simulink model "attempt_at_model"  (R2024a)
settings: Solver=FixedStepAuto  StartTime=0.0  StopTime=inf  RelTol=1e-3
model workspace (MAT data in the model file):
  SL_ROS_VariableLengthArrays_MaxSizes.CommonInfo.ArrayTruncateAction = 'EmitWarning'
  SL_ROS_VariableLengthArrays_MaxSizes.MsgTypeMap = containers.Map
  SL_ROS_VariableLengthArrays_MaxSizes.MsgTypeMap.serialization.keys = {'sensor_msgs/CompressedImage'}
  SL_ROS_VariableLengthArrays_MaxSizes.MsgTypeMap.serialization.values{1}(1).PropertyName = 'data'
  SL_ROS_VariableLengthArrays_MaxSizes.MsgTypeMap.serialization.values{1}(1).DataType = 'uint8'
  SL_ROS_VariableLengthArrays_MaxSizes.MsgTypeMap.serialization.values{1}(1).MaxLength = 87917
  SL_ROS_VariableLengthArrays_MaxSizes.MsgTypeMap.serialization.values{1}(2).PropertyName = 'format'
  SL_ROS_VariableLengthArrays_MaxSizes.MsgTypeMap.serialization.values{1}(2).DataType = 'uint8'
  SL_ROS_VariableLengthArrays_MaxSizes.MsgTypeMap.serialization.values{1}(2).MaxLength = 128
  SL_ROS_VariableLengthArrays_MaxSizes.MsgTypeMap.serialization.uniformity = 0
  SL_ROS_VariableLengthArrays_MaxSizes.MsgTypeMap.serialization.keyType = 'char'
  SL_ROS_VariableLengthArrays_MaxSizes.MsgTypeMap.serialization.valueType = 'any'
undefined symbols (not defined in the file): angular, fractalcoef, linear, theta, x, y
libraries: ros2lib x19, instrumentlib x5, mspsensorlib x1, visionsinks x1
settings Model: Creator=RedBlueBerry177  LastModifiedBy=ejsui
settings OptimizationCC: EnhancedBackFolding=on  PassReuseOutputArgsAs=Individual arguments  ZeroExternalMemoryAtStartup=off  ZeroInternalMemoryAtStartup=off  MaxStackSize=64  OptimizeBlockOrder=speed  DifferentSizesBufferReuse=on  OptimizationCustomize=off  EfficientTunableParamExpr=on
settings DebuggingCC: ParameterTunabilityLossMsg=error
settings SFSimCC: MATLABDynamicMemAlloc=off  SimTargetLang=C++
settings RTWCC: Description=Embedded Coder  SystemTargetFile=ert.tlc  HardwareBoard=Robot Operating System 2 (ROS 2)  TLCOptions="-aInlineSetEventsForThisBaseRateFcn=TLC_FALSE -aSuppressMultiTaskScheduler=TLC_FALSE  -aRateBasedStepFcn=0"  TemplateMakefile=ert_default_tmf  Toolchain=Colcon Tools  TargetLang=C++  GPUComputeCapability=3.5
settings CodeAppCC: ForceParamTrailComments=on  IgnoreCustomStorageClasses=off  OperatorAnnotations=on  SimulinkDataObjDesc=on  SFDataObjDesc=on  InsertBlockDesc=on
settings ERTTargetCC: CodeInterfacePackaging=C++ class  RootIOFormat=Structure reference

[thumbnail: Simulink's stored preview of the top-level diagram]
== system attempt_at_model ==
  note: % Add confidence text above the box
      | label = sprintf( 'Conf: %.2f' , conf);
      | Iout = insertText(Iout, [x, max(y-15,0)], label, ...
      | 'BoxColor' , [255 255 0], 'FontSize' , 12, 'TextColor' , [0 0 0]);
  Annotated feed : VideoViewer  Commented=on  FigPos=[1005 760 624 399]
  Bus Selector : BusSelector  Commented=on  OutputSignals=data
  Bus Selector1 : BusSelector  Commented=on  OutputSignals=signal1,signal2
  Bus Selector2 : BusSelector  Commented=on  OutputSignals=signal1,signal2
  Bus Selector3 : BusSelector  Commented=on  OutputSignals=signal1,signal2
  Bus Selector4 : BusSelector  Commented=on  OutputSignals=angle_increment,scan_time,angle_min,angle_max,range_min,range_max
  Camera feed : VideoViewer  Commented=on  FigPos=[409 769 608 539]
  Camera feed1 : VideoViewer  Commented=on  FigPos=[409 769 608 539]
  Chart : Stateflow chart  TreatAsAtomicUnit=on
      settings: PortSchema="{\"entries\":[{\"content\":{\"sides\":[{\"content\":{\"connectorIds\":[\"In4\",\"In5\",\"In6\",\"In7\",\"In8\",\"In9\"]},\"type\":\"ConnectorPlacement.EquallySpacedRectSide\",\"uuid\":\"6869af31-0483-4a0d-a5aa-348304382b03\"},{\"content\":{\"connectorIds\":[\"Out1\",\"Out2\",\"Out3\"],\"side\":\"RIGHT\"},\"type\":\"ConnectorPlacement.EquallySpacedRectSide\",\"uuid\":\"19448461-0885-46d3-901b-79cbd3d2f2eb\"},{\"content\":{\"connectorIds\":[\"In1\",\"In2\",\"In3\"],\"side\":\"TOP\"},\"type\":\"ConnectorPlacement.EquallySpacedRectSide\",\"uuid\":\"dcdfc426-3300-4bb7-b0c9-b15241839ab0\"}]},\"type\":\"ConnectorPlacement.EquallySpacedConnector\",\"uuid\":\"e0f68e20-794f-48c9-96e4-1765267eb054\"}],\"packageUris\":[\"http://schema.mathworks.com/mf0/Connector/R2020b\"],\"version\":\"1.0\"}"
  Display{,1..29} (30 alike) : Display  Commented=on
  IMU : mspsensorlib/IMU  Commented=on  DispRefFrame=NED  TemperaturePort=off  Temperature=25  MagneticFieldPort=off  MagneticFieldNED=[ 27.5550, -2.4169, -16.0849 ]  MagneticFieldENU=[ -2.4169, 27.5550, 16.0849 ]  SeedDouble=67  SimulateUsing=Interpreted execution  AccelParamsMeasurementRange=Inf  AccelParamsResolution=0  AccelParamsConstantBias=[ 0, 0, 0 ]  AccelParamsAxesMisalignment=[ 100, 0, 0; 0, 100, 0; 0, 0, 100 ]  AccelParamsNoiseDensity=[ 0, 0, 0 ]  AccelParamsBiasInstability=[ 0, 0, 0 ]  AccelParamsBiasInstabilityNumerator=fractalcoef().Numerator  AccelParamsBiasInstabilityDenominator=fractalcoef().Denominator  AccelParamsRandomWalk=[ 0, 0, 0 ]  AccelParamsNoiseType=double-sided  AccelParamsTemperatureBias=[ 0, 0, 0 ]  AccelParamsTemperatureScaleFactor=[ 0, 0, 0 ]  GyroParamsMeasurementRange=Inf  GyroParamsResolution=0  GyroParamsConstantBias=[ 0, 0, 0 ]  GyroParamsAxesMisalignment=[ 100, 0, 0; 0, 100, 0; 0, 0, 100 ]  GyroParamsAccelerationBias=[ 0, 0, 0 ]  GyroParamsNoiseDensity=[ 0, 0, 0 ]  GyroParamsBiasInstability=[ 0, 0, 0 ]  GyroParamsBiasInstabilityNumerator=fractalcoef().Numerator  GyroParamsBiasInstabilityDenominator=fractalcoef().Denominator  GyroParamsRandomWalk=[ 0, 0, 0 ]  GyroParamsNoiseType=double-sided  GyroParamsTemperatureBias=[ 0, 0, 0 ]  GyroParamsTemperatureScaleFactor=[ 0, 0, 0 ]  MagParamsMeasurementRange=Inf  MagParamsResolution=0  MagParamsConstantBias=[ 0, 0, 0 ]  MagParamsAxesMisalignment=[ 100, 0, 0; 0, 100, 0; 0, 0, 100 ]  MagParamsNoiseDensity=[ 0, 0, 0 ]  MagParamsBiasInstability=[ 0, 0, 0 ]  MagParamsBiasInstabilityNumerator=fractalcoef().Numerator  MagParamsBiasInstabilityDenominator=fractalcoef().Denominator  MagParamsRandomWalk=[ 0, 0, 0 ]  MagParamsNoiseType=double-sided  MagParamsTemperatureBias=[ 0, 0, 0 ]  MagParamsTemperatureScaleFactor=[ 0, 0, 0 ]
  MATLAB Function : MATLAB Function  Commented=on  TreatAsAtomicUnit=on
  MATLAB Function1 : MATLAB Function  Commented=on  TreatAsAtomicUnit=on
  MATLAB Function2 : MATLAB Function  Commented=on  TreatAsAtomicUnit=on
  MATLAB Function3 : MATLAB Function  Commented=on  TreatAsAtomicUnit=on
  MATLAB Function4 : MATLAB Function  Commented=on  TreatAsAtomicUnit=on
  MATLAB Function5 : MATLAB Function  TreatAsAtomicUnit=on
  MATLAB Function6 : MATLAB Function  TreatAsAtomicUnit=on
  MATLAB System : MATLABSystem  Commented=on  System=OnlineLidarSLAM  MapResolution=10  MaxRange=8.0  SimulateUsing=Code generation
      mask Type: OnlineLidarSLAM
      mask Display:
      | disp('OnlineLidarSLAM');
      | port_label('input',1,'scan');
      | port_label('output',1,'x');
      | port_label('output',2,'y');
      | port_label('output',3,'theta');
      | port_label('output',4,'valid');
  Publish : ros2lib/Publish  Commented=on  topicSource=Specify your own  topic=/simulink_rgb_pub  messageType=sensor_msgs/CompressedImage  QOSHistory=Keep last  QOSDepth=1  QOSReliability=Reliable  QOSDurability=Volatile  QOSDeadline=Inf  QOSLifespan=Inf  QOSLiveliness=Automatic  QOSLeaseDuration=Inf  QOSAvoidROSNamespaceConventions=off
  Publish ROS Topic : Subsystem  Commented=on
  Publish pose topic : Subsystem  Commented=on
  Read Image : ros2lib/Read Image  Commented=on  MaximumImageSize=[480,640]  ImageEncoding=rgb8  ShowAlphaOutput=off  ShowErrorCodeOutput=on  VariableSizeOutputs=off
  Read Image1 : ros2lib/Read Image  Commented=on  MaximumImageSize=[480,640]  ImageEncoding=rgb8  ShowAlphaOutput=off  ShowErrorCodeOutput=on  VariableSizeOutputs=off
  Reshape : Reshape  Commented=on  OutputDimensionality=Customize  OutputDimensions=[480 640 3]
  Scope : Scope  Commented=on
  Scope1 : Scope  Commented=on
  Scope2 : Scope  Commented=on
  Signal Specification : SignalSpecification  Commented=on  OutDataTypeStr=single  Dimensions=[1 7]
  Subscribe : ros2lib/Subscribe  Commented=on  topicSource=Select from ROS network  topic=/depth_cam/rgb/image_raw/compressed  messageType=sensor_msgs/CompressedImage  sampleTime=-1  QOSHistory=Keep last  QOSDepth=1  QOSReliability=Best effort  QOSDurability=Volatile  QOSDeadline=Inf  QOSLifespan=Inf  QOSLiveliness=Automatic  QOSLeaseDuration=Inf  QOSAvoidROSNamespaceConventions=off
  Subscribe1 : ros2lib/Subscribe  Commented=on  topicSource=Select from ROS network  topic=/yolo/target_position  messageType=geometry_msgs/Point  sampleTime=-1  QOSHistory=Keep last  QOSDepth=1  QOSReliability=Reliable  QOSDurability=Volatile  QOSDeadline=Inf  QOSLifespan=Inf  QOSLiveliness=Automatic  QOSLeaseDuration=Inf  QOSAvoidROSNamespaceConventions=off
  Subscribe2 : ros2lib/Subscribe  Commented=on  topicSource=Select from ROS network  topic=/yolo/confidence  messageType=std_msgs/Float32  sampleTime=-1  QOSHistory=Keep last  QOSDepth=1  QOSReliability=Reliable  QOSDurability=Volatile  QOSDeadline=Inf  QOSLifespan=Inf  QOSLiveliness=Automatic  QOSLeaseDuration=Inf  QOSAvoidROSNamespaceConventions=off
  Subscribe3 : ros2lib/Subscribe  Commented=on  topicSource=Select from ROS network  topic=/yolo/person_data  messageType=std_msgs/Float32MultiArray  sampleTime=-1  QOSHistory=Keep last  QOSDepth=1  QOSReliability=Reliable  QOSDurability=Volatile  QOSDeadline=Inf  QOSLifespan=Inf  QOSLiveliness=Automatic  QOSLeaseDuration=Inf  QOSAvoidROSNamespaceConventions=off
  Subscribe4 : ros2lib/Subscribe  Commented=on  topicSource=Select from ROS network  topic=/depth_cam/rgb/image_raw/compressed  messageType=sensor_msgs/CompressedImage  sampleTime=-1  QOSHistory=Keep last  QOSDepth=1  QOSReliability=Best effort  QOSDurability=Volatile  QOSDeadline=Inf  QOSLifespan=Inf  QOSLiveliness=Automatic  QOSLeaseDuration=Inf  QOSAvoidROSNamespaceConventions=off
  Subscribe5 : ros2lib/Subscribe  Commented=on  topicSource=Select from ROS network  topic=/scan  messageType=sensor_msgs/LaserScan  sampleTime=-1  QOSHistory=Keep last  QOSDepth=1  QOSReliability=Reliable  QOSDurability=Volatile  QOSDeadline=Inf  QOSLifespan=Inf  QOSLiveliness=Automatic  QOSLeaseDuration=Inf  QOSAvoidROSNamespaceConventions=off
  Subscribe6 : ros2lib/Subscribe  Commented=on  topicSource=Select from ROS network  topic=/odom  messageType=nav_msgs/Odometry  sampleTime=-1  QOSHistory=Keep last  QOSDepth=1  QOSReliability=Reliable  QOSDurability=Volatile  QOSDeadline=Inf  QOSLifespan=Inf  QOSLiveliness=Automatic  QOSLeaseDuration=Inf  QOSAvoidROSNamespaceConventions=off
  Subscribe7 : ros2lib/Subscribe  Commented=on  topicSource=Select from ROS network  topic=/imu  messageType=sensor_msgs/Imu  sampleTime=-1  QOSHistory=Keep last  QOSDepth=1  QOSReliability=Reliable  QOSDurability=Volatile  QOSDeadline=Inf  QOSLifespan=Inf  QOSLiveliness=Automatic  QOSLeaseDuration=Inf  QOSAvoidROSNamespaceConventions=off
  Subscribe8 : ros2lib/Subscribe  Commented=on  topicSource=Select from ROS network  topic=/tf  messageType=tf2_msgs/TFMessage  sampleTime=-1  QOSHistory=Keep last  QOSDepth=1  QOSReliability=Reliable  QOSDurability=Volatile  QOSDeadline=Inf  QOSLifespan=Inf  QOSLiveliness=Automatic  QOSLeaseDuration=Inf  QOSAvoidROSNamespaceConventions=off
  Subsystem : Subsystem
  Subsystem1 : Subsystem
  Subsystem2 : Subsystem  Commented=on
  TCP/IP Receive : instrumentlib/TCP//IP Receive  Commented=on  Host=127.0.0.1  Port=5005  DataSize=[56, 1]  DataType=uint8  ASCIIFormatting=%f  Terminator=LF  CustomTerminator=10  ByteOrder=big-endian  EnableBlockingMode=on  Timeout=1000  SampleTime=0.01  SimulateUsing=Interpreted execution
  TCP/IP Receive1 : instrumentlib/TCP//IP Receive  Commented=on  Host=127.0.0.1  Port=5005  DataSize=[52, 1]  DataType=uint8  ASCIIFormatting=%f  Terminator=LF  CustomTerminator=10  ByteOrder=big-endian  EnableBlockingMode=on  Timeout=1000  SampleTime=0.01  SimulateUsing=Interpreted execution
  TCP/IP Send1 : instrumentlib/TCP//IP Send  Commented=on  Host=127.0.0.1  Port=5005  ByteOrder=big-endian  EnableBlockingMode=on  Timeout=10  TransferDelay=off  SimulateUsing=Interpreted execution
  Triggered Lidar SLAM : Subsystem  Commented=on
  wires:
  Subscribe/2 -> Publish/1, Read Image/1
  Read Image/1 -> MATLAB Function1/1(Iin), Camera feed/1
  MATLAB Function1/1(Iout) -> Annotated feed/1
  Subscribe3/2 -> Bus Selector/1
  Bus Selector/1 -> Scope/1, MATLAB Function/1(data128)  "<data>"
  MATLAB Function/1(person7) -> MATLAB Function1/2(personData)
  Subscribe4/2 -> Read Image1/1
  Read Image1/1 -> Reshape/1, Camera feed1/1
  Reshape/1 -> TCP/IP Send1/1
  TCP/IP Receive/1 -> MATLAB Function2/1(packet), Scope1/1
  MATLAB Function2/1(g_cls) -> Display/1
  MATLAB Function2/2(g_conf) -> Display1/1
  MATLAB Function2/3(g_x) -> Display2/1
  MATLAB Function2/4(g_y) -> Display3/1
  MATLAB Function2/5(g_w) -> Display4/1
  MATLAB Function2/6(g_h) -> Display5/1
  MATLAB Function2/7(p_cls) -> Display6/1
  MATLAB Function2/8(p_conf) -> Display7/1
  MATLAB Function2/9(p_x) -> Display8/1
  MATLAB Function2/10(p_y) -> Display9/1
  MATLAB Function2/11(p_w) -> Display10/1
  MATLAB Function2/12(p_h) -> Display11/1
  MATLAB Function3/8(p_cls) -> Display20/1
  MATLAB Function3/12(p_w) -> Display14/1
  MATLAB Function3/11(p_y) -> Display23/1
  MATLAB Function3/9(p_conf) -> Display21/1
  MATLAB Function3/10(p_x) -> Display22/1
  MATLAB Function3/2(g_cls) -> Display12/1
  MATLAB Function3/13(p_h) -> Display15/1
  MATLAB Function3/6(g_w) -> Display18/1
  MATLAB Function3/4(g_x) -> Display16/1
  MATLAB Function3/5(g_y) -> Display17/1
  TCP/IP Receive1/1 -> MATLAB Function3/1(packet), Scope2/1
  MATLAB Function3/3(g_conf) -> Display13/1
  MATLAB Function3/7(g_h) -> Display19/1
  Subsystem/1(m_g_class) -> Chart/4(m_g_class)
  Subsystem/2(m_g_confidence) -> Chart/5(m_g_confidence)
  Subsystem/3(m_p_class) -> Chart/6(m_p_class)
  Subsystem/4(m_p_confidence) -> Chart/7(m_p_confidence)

◇ ◇ ◇ ◇ ◇

YOUR GOAL:
In the listing above, find the line containing "Read Image1 : ros2lib/Read" and the line containing "Scope2 : Scope", then quote both, plus every line between them, exactly as written.

SOLUTION:
  Read Image1 : ros2lib/Read Image  Commented=on  MaximumImageSize=[480,640]  ImageEncoding=rgb8  ShowAlphaOutput=off  ShowErrorCodeOutput=on  VariableSizeOutputs=off
  Reshape : Reshape  Commented=on  OutputDimensionality=Customize  OutputDimensions=[480 640 3]
  Scope : Scope  Commented=on
  Scope1 : Scope  Commented=on
  Scope2 : Scope  Commented=on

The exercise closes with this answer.